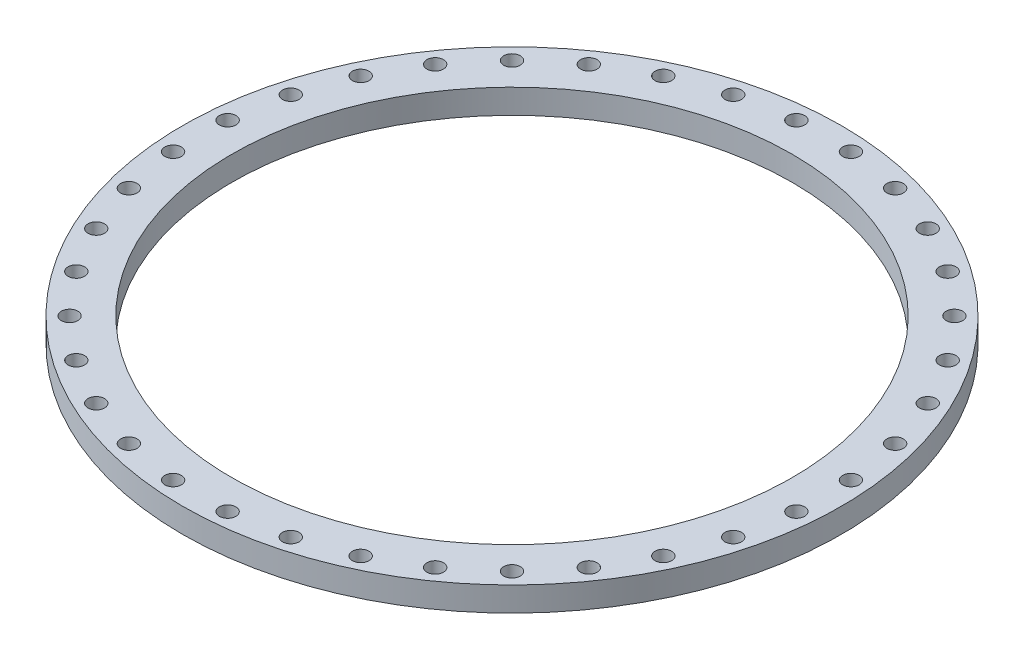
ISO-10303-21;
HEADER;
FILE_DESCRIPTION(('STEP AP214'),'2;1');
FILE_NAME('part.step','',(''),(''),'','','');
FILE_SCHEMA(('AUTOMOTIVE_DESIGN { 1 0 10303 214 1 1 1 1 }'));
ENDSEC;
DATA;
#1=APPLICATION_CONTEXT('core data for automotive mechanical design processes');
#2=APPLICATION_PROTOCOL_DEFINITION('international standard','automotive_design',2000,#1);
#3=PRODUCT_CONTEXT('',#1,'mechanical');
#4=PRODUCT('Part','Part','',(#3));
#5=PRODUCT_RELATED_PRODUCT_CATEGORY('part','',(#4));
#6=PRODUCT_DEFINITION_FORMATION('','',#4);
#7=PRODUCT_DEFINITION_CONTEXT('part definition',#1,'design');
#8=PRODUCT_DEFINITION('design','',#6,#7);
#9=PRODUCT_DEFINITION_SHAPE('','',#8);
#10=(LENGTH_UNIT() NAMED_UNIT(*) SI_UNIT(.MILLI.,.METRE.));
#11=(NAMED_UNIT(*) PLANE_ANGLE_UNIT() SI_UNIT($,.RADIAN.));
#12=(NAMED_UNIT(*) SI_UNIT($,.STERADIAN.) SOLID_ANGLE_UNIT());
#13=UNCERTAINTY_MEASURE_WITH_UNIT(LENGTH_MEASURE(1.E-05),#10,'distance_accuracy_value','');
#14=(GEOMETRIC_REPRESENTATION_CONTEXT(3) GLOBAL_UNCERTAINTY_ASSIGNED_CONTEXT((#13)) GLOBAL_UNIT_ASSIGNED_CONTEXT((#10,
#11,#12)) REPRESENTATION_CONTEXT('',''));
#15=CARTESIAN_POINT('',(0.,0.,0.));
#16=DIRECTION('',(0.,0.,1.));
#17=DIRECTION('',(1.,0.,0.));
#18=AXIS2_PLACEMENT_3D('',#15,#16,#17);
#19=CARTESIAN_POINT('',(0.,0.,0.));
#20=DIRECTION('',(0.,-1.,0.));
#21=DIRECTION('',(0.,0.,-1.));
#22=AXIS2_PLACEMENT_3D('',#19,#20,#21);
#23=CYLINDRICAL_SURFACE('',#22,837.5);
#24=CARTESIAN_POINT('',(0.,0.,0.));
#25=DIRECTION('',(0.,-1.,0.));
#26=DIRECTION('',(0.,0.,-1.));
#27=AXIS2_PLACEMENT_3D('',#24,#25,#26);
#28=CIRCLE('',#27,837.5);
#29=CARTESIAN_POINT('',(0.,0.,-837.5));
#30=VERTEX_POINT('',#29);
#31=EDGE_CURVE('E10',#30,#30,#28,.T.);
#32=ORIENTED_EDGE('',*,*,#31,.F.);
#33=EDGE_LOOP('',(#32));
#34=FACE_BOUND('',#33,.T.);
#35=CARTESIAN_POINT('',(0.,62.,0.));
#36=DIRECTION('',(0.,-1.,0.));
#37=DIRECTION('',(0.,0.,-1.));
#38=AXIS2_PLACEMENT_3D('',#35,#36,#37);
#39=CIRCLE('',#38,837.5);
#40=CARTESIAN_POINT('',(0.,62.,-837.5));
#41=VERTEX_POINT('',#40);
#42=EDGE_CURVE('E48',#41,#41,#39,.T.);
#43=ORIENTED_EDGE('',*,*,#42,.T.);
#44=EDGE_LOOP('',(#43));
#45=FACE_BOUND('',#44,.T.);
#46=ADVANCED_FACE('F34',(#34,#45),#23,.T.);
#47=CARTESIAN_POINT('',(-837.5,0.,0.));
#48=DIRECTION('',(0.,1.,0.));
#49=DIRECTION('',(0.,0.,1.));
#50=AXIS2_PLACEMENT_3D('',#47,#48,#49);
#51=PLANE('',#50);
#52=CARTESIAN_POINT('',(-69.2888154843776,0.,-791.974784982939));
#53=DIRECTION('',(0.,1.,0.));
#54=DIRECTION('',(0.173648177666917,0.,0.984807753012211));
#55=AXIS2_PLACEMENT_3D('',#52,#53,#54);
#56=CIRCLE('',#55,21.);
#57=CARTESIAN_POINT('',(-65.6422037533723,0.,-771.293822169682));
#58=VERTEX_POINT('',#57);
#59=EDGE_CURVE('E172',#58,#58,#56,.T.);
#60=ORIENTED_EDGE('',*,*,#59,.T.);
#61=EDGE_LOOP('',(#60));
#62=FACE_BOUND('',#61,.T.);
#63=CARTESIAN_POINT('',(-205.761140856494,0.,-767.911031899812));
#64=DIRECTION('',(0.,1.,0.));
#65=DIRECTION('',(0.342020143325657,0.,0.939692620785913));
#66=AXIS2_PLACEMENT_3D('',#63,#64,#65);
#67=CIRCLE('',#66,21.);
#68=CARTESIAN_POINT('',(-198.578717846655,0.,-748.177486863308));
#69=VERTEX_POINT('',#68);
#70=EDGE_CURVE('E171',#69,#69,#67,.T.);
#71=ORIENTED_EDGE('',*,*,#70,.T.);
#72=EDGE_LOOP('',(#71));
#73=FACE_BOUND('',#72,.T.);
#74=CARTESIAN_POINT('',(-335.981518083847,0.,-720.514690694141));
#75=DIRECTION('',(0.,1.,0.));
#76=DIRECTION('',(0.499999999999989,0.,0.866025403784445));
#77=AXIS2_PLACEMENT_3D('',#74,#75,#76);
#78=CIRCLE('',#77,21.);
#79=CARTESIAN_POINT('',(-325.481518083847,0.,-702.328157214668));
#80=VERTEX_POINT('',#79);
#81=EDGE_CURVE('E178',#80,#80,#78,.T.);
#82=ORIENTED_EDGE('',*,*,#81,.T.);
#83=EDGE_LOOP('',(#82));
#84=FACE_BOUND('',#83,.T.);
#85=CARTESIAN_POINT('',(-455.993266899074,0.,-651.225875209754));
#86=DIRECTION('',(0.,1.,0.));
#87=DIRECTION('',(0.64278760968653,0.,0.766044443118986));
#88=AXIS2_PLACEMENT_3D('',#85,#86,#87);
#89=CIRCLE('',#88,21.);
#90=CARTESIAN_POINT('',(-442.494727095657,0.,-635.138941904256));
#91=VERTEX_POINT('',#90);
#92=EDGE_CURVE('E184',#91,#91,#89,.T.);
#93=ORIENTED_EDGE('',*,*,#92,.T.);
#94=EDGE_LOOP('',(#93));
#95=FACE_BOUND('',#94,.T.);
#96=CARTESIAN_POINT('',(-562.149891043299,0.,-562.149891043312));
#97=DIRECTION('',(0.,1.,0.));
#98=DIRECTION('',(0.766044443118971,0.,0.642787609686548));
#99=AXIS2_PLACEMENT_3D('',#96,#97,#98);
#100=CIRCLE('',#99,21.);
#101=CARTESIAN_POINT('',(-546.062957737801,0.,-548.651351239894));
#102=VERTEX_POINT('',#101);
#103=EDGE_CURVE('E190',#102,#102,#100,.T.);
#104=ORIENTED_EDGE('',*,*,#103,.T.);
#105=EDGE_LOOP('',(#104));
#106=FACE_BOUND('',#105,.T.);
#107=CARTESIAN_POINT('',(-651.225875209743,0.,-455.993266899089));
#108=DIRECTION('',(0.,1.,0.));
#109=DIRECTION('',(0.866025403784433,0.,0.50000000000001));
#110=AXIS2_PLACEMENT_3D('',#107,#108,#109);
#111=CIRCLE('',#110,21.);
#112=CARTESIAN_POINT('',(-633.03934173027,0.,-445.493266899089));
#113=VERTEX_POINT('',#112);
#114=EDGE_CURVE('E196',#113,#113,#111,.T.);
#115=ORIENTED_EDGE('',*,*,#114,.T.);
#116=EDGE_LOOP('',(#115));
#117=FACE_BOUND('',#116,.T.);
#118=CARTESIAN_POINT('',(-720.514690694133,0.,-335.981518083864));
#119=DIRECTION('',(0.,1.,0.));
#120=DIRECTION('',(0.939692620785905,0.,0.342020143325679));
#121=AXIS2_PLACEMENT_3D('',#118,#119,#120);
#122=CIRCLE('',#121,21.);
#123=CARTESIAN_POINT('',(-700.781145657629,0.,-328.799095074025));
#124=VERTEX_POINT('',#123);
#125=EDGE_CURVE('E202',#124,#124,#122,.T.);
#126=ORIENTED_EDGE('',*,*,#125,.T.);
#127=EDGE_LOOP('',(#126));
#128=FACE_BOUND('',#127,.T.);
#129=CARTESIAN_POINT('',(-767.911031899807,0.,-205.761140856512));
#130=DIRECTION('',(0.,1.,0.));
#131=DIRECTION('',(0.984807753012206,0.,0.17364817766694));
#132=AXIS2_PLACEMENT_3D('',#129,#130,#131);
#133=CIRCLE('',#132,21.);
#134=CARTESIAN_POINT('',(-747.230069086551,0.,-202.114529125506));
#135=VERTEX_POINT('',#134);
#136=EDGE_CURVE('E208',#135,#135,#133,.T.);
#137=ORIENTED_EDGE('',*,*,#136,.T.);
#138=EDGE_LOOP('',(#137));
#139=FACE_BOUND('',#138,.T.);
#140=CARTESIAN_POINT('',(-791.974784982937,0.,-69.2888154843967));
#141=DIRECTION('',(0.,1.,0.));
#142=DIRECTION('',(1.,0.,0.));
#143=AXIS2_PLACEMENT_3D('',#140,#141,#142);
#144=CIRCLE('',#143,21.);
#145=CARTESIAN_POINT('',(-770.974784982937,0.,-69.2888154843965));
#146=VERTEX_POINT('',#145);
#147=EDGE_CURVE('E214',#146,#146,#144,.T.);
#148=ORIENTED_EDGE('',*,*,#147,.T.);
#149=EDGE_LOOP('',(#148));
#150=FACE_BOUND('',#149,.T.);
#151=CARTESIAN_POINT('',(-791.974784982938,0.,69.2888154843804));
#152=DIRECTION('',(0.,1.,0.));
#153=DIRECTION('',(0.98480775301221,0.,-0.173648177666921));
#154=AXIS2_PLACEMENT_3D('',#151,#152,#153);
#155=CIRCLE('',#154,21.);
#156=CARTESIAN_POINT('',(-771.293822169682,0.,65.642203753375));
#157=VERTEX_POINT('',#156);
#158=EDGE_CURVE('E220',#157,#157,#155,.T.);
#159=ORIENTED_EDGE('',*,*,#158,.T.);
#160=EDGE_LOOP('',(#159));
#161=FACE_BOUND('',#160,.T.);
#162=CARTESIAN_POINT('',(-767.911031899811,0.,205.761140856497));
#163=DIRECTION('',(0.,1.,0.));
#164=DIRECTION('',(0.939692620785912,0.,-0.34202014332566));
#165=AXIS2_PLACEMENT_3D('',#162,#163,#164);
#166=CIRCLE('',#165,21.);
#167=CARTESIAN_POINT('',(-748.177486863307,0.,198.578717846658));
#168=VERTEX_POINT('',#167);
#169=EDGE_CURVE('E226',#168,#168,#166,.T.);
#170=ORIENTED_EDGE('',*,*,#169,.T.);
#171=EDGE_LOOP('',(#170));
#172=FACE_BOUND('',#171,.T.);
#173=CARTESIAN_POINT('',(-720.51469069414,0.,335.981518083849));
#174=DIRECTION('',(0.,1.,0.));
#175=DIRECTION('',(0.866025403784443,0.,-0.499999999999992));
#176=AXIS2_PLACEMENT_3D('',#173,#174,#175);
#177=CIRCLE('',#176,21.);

**BRIEF**
From the line with "#139=FACE_BOUND('',#138,.T.);" to the final line of the entries above, return every line exactly as written.

**WRITTEN ANSWER**
#139=FACE_BOUND('',#138,.T.);
#140=CARTESIAN_POINT('',(-791.974784982937,0.,-69.2888154843967));
#141=DIRECTION('',(0.,1.,0.));
#142=DIRECTION('',(1.,0.,0.));
#143=AXIS2_PLACEMENT_3D('',#140,#141,#142);
#144=CIRCLE('',#143,21.);
#145=CARTESIAN_POINT('',(-770.974784982937,0.,-69.2888154843965));
#146=VERTEX_POINT('',#145);
#147=EDGE_CURVE('E214',#146,#146,#144,.T.);
#148=ORIENTED_EDGE('',*,*,#147,.T.);
#149=EDGE_LOOP('',(#148));
#150=FACE_BOUND('',#149,.T.);
#151=CARTESIAN_POINT('',(-791.974784982938,0.,69.2888154843804));
#152=DIRECTION('',(0.,1.,0.));
#153=DIRECTION('',(0.98480775301221,0.,-0.173648177666921));
#154=AXIS2_PLACEMENT_3D('',#151,#152,#153);
#155=CIRCLE('',#154,21.);
#156=CARTESIAN_POINT('',(-771.293822169682,0.,65.642203753375));
#157=VERTEX_POINT('',#156);
#158=EDGE_CURVE('E220',#157,#157,#155,.T.);
#159=ORIENTED_EDGE('',*,*,#158,.T.);
#160=EDGE_LOOP('',(#159));
#161=FACE_BOUND('',#160,.T.);
#162=CARTESIAN_POINT('',(-767.911031899811,0.,205.761140856497));
#163=DIRECTION('',(0.,1.,0.));
#164=DIRECTION('',(0.939692620785912,0.,-0.34202014332566));
#165=AXIS2_PLACEMENT_3D('',#162,#163,#164);
#166=CIRCLE('',#165,21.);
#167=CARTESIAN_POINT('',(-748.177486863307,0.,198.578717846658));
#168=VERTEX_POINT('',#167);
#169=EDGE_CURVE('E226',#168,#168,#166,.T.);
#170=ORIENTED_EDGE('',*,*,#169,.T.);
#171=EDGE_LOOP('',(#170));
#172=FACE_BOUND('',#171,.T.);
#173=CARTESIAN_POINT('',(-720.51469069414,0.,335.981518083849));
#174=DIRECTION('',(0.,1.,0.));
#175=DIRECTION('',(0.866025403784443,0.,-0.499999999999992));
#176=AXIS2_PLACEMENT_3D('',#173,#174,#175);
#177=CIRCLE('',#176,21.);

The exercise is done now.